WITH a major investment in an advanced manufacturing facility the future is looking incredibly bright for GlaxoSmithKline’s site in County Durham.
The £92m announced for the pharmaceutical giant’s rural Barnard Castle premises is part of a £275m investment spread across three of GSK’s nine UK manufacturing sites.
Alastair Leighton, site director at Barnard Castle – one of the biggest pharmaceutical manufacturing sites in the UK – said: “The UK is tremendously important to GSK and there’s been a strong commitment with the new investment. We’re building a factory for the next 20-30 years and it will be built in readiness for a whole pipeline of products.”
GSK has been a major presence in Barnard Castle since 1945 when it first opened in a former Penicillin factory. The site was ideal – a wide swathe of land, next to a river, and with good transport infrastructure. It was also far enough away from the bigger cities that it wouldn’t be vulnerable to enemy attack during the war.
In the 1960s, the company developed new antibiotics and, with a new factory in the 1980s, went on to develop steroidal dermatological treatments for conditions such as Psoriasis. In the early 1990s, the Barnard Castle site expanded into sterile manufacturing, making liquids which could be injected into the body.
As the company has developed, it has become a major employer in County Durham, with generations of the same family working for the company. Alastair, who cycles into the office from home, said: “It’s really interesting to see the number of people who have worked at Barnard Castle on a tour of duty and then they’ve stayed here. The lifestyle is great and you can have a very rewarding career.
“The size of the site means GSK can offer myriad career opportunities both to apprentices and graduates. Many of the apprenticeships (there are currently 32) are in advanced manufacturing but we also offer opportunities in surprising areas, such as graphic design. We have a centralised artwork hub here in Barnard Castle where more than 75 staff design packaging for products such as Zovirax, Panadol and Sensodyne. It is creative but it’s also done to a very high level of rigour. We also recruit graduates into the lab areas and develop them internally.”
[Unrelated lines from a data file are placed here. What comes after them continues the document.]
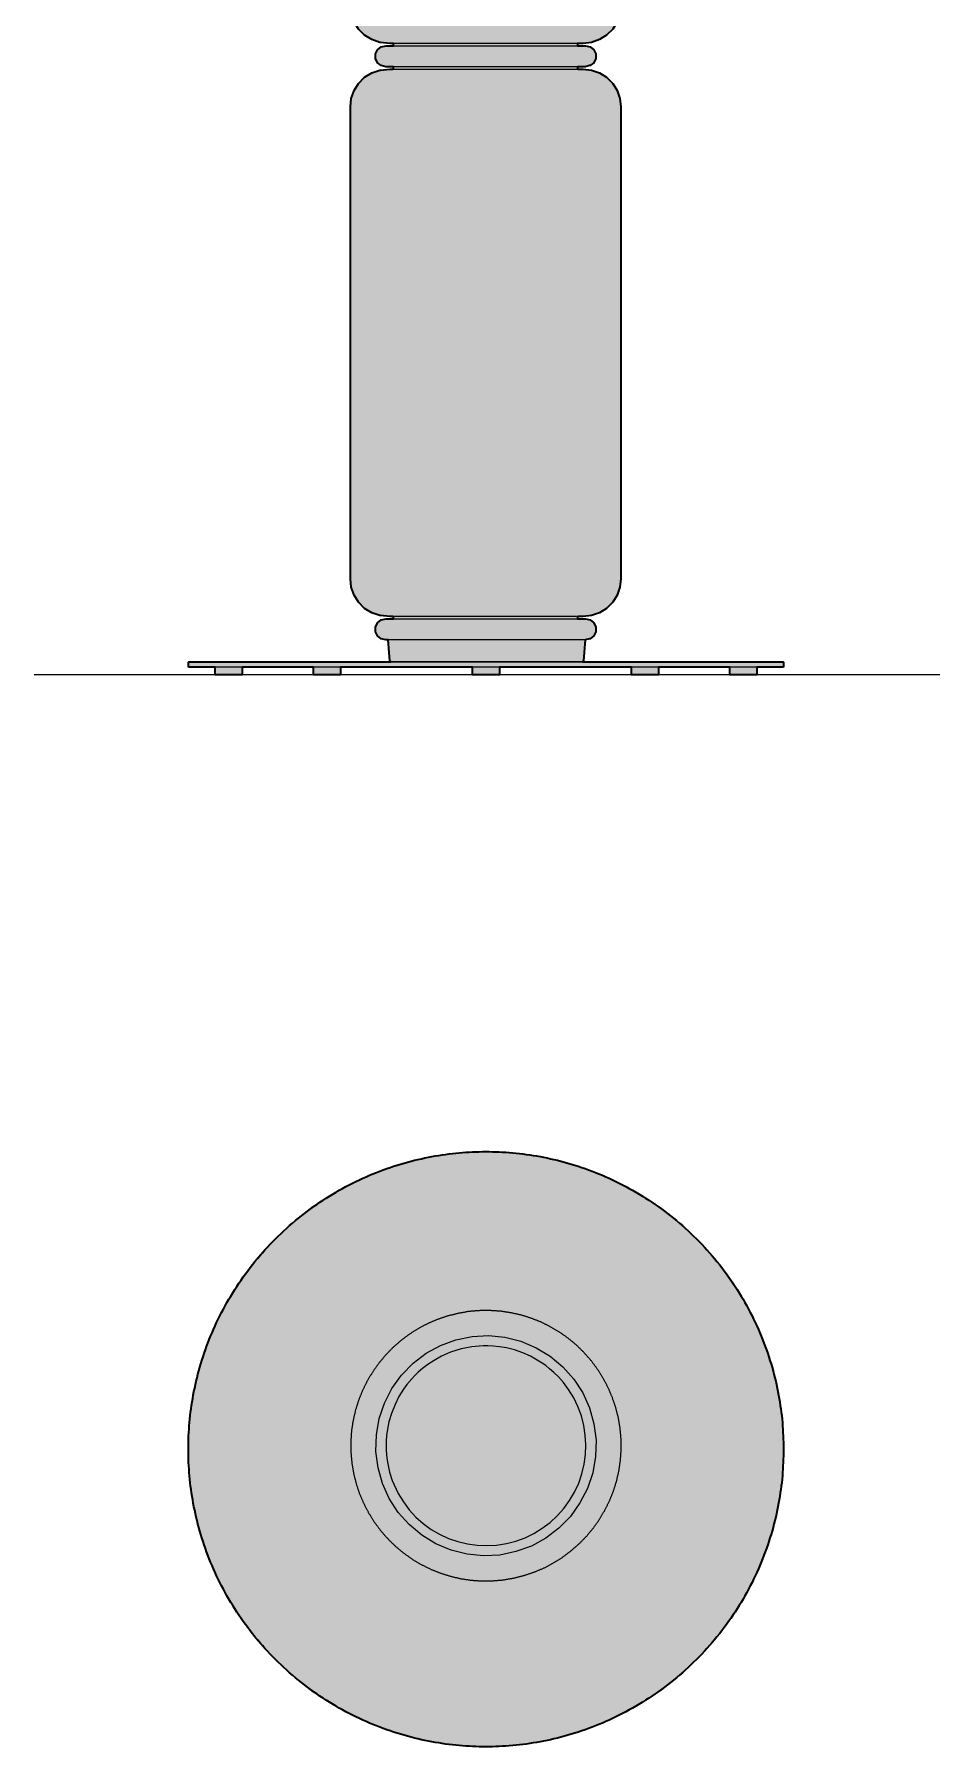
# Model space of a CAD drawing. Header units: millimetres. Extents: x -32 to 1847, y -56 to 3109.
# Drawn here: x -32 to 805, y -56 to 1526 of the extents above; entities that cross this region are included whole.
import ezdxf

# ---------------------------------------------------------------- set-up
doc = ezdxf.new("R2010")
doc.units = ezdxf.units.MM
doc.layers.add('Blocks', color=7, linetype='Continuous')
doc.layers.add('Blocks$Fill', color=7, linetype='Continuous', true_color=0xffffff)
for name, color, linetype, lineweight, true_color in [('Blocks$Inner', 7, 'Continuous', 25, 0x007f00), ('Blocks$Outline', 7, 'Continuous', 35, 0xff3f3f), ('Groud', 7, 'Continuous', 25, 0x243775)]:
    doc.layers.add(name, color=color, linetype=linetype, lineweight=lineweight, true_color=true_color)

# ---------------------------------------------------------------- blocks, each defined once
blk = doc.blocks.new('Noctambule Floor 4 High Cylinder Floor Lamp Top')
at = {"layer": 'Blocks$Fill'}
blk.add_hatch(color=256, dxfattribs=at).paths.add_polyline_path([(660.6, 218.5), (660.6, 224.6), (660.4, 230.8), (660, 237), (659.5, 243.2), (658.9, 249.5), (658.1, 255.8), (657.1, 262.2), (656, 268.5), (654.8, 274.9), (653.4, 281.3), (651.8, 287.8), (650, 294.2), (648.1, 300.6), (646, 307), (643.8, 313.4), (641.3, 319.7), (638.7, 326.1), (636, 332.4), (633, 338.6), (629.9, 344.8), (626.6, 351), (623.2, 357), (619.6, 363.1), (615.8, 369), (611.9, 374.8), (607.8, 380.6), (603.5, 386.3), (599.1, 391.8), (594.6, 397.3), (589.9, 402.6), (585.1, 407.9), (580.1, 413), (575, 417.9), (569.8, 422.8), (564.4, 427.5), (559, 432), (553.4, 436.4), (547.7, 440.7), (542, 444.7), (536.1, 448.7), (530.2, 452.5), (524.2, 456.1), (518.1, 459.5), (511.9, 462.8), (505.7, 465.9), (499.5, 468.8), (493.2, 471.6), (486.9, 474.2), (480.5, 476.6), (474.1, 478.9), (467.7, 481), (461.3, 482.9), (454.9, 484.6), (448.5, 486.2), (442.1, 487.7), (435.7, 488.9), (429.3, 490), (422.9, 491), (416.6, 491.8), (410.3, 492.4), (404.1, 492.9), (397.9, 493.2), (391.7, 493.4), (385.6, 493.5), (379.5, 493.4), (373.4, 493.2), (367.2, 492.9), (360.9, 492.4), (354.6, 491.8), (348.3, 491), (342, 490), (335.6, 488.9), (329.2, 487.7), (322.8, 486.2), (316.4, 484.6), (310, 482.9), (303.6, 481), (297.1, 478.9), (290.8, 476.6), (284.4, 474.2), (278.1, 471.6), (271.8, 468.8), (265.5, 465.9), (259.3, 462.8), (253.2, 459.5), (247.1, 456.1), (241.1, 452.5), (235.1, 448.7), (229.3, 444.7), (223.5, 440.7), (217.9, 436.4), (212.3, 432), (206.8, 427.5), (201.5, 422.8), (196.3, 417.9), (191.2, 413), (186.2, 407.9), (181.4, 402.6), (176.7, 397.3), (172.1, 391.8), (167.7, 386.3), (163.5, 380.6), (159.4, 374.8), (155.5, 369), (151.7, 363.1), (148.1, 357), (144.6, 351), (141.4, 344.8), (138.2, 338.6), (135.3, 332.4), (132.5, 326.1), (129.9, 319.7), (127.5, 313.4), (125.3, 307), (123.2, 300.6), (121.2, 294.2), (119.5, 287.8), (117.9, 281.3), (116.5, 274.9), (115.2, 268.5), (114.1, 262.2), (113.2, 255.8), (112.4, 249.5), (111.7, 243.2), (111.3, 237), (110.9, 230.8), (110.7, 224.6), (110.6, 218.5), (110.7, 212.4), (110.9, 206.2), (111.3, 200), (111.7, 193.8), (112.4, 187.5), (113.2, 181.2), (114.1, 174.8), (115.2, 168.5), (116.5, 162.1), (117.9, 155.7), (119.5, 149.3), (121.2, 142.8), (123.2, 136.4), (125.3, 130), (127.5, 123.6), (129.9, 117.3), (132.5, 110.9), (135.3, 104.7), (138.2, 98.4), (141.4, 92.2), (144.6, 86.1), (148.1, 80), (151.7, 74), (155.5, 68), (159.4, 62.2), (163.5, 56.4), (167.7, 50.7), (172.1, 45.2), (176.7, 39.7), (181.4, 34.4), (186.2, 29.1), (191.2, 24), (196.3, 19.1), (201.5, 14.2), (206.8, 9.6), (212.3, 5), (217.9, 0.6), (223.5, -3.6), (229.3, -7.7), (235.1, -11.7), (241.1, -15.4), (247.1, -19.1), (253.2, -22.5), (259.3, -25.8), (265.5, -28.9), (271.8, -31.8), (278.1, -34.6), (284.4, -37.2), (290.8, -39.6), (297.1, -41.9), (303.6, -44), (310, -45.9), (316.4, -47.6), (322.8, -49.2), (329.2, -50.6), (335.6, -51.9), (342, -53), (348.3, -54), (354.6, -54.7), (360.9, -55.4), (367.2, -55.9), (373.4, -56.2), (379.5, -56.4), (385.6, -56.5), (391.7, -56.4), (397.9, -56.2), (404.1, -55.9), (410.3, -55.4), (416.6, -54.7), (422.9, -54), (429.3, -53), (435.7, -51.9), (442.1, -50.6), (448.5, -49.2), (454.9, -47.6), (461.3, -45.9), (467.7, -44), (474.1, -41.9), (480.5, -39.6), (486.9, -37.2), (493.2, -34.6), (499.5, -31.8), (505.7, -28.9), (511.9, -25.8), (518.1, -22.5), (524.2, -19.1), (530.2, -15.4), (536.1, -11.7), (542, -7.7), (547.7, -3.6), (553.4, 0.6), (559, 5), (564.4, 9.6), (569.8, 14.2), (575, 19.1), (580.1, 24), (585.1, 29.1), (589.9, 34.4), (594.6, 39.7), (599.1, 45.2), (603.5, 50.7), (607.8, 56.4), (611.9, 62.2), (615.8, 68), (619.6, 74), (623.2, 80), (626.6, 86.1), (629.9, 92.2), (633, 98.4), (636, 104.7), (638.7, 110.9), (641.3, 117.3), (643.8, 123.6), (646, 130), (648.1, 136.4), (650, 142.8), (651.8, 149.3), (653.4, 155.7), (654.8, 162.1), (656, 168.5), (657.1, 174.8), (658.1, 181.2), (658.9, 187.5), (659.5, 193.8), (660, 200), (660.4, 206.2), (660.6, 212.4)], flags=0)
at = {"layer": 'Blocks$Inner'}
blk.add_line((325.7, 112), (325.7, 112), dxfattribs=at)
for points in [[(475.1, 270.6), (481.2, 256.6), (485.3, 242), (487.3, 226.9), (486.9, 211.7), (484.3, 196.7), (479.5, 182.3), (472.5, 168.8), (463.7, 156.4), (453.1, 145.5), (441, 136.3), (427.6, 129), (413.3, 123.8), (398.4, 120.7), (383.2, 120), (368.1, 121.5), (353.4, 125.2), (339.3, 131.1), (326.3, 139), (314.7, 148.8), (304.6, 160.1), (296.1, 172.8), (290.1, 186.8), (285.9, 201.4), (284, 216.5), (284.4, 231.7), (287, 246.7), (291.8, 261.1), (298.7, 274.6), (307.6, 287), (318.2, 297.9), (330.3, 307.1), (343.7, 314.4), (357.9, 319.6), (372.8, 322.6), (388, 323.4), (403.2, 321.9), (417.9, 318.2), (431.9, 312.3), (444.9, 304.4), (456.6, 294.6), (466.7, 283.2)], [(466.7, 266), (461.9, 273.7), (457.2, 280.1), (452.6, 285.2), (448.4, 289.5), (444.4, 292.9), (440.8, 295.8), (437.5, 298.1), (431.5, 301.8), (426.9, 304.3), (419.6, 307.6), (412, 310.2), (404.6, 312.1), (398.1, 313.2), (392.4, 313.8), (387.4, 314), (383, 314), (379.2, 313.8), (372.5, 313.1), (362.6, 311.1), (352.9, 308), (344.6, 304.4), (337.6, 300.6), (331.9, 296.8), (327.1, 293.1), (323.1, 289.7), (319.8, 286.5), (317.1, 283.6), (312.5, 278.2), (309.4, 273.9), (305.2, 267.1), (301.6, 259.9), (298.2, 251.5), (296, 243.9), (294.6, 237.1), (293.8, 231.2), (293.4, 225.9), (293.3, 221.3), (293.4, 217.3), (294, 210.3), (294.8, 205), (296.6, 197.2), (299, 189.6), (304.6, 177.4), (309.3, 169.7), (314.8, 162.5), (320.9, 155.8), (327.7, 149.8), (335, 144.4), (342.8, 139.9), (351.1, 136.1), (359.6, 133.1), (368.4, 131), (377.4, 129.7), (386.5, 129.4), (395.5, 129.9), (404.5, 131.3), (413.2, 133.6), (421.7, 136.7), (429.9, 140.7), (437.6, 145.4), (444.9, 150.8), (451.5, 157), (457.5, 163.8), (462.9, 171.1), (467.5, 178.9), (471.3, 187.1), (474.2, 195.7), (476.4, 204.5), (477.6, 213.5), (478, 222.5), (477.4, 231.6), (476, 240.5), (473.8, 249.3), (470.6, 257.8)]]:
    blk.add_lwpolyline(points, close=True, dxfattribs=at)
blk.add_circle((385.6, 218.5), 275, dxfattribs=at)
blk.add_open_spline([(510.6, 218.1), (509.9, 208.3), (508.5, 198.6), (506.3, 189), (503.4, 179.7), (499.7, 170.6), (495.3, 161.8), (490.3, 153.3), (484.6, 145.3), (478.3, 137.8), (471.4, 130.8), (464, 124.4), (456.2, 118.5), (447.9, 113.3), (439.2, 108.7), (430.1, 104.9), (420.8, 101.8), (411.3, 99.4), (401.6, 97.7), (391.9, 96.9), (382, 96.7), (372.2, 97.4), (362.5, 98.8), (353, 101), (343.6, 104), (334.5, 107.6), (325.7, 112), (317.3, 117), (309.3, 122.7), (301.7, 129), (294.7, 135.9), (288.3, 143.3), (282.4, 151.2), (277.2, 159.5), (272.7, 168.2), (268.8, 177.2), (265.7, 186.5), (263.3, 196), (261.7, 205.7), (260.8, 215.5), (260.7, 225.3), (261.3, 235.1), (262.8, 244.8), (265, 254.4), (267.9, 263.7), (271.6, 272.8), (275.9, 281.6), (281, 290), (286.7, 298), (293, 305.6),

The announcement of the multi-million pound investment in the County Durham site represents further significant development into the large biopharmaceuticals market. Around £500m has been invested in the Barnard Castle site over the last four years. The site supplies nearly half a million packs of products per day to 140 global markets.
GSK has a significant manufacturing presence in the UK, employing nearly 6,000 people. The company views the UK as an attractive location for investment in advanced manufacturing due to a number of factors including the skilled workforce, technological and scientific capabilities & infrastructure and a competitive corporate tax system. This includes the Patent Box, which encourages investment in R&D and related manufacturing in the UK by delivering a lower rate of corporation tax on profits generated from UK-owned intellectual property.
Said Alastair: “Barnard Castle has become a real hub of the skilled resources we need. One of the things we’ve developed over the years has been not just to manufacture these drugs but to develop new ones. It can be quite a technical challenge to formulate a medicine for the first time – there’s a lot of rigour to go through to make sure the products are ready to launch. We spend a great deal of time attracting the right kind of people and investing in their future by developing their potential.”
The investment will fund the construction of an aseptic sterile facility which will support the manufacture of existing and new biopharmaceutical assets in its pipeline. It will bring hundreds of jobs in construction, engineering and design.
The company is looking to break ground in early 2017 and be manufacturing new aseptic material by 2018. By 2020-21 it expects to be routinely manufacturing drugs and will have one manufacturing line with room for two more.
Adds Alastair: “We recognise that the skill base is here and our job is to get these innovative medicines from the lab to patients as soon as possible. The best way to do that is to have a solid skills infrastructure.
“It’s about a long term commitment to advanced manufacturing and creating the kind of career opportunities that people want. There are generations of families who have come through here and we want to see that continue.”